To do: Search term "Locations": please copy every line of the records below that contains it.

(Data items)
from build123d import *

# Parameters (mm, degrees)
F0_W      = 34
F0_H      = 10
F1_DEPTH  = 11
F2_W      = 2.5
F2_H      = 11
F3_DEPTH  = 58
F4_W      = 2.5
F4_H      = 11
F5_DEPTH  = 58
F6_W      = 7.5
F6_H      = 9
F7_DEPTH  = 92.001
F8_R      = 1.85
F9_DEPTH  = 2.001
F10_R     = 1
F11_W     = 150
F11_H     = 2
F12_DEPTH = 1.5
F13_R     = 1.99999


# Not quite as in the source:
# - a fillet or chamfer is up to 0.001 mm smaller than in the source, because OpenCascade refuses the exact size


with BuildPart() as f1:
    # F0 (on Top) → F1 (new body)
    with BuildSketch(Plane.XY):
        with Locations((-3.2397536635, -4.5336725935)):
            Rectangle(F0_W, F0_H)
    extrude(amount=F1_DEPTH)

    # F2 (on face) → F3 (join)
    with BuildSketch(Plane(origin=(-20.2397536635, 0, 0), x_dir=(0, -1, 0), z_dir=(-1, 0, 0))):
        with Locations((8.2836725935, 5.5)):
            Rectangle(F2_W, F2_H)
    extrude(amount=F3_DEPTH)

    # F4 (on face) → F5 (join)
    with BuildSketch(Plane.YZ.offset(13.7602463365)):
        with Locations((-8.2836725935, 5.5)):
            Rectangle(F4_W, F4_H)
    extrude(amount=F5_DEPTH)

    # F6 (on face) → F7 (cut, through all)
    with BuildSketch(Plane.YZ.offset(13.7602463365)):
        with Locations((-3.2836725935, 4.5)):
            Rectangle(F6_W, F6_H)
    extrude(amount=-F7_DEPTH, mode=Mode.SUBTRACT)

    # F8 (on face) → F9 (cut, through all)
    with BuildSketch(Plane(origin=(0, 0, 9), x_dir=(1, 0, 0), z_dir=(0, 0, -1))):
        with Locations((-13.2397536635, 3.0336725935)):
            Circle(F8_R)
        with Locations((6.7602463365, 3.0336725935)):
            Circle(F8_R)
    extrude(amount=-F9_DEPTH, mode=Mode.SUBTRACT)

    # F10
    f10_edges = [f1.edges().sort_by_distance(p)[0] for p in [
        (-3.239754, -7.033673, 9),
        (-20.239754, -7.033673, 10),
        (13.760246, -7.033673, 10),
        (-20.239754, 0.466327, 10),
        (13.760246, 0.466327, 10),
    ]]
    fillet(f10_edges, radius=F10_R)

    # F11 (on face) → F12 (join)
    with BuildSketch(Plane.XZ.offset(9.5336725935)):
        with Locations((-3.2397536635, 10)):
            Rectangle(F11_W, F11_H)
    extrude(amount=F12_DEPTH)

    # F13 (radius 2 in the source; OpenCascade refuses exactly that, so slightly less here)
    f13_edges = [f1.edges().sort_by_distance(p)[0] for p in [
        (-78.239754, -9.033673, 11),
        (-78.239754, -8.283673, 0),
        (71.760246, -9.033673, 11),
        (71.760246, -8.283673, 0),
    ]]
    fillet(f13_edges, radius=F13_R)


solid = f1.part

Written response:
        with Locations((-3.2397536635, -4.5336725935)):
        with Locations((8.2836725935, 5.5)):
        with Locations((-8.2836725935, 5.5)):
        with Locations((-3.2836725935, 4.5)):
        with Locations((-13.2397536635, 3.0336725935)):
        with Locations((6.7602463365, 3.0336725935)):
        with Locations((-3.2397536635, 10)):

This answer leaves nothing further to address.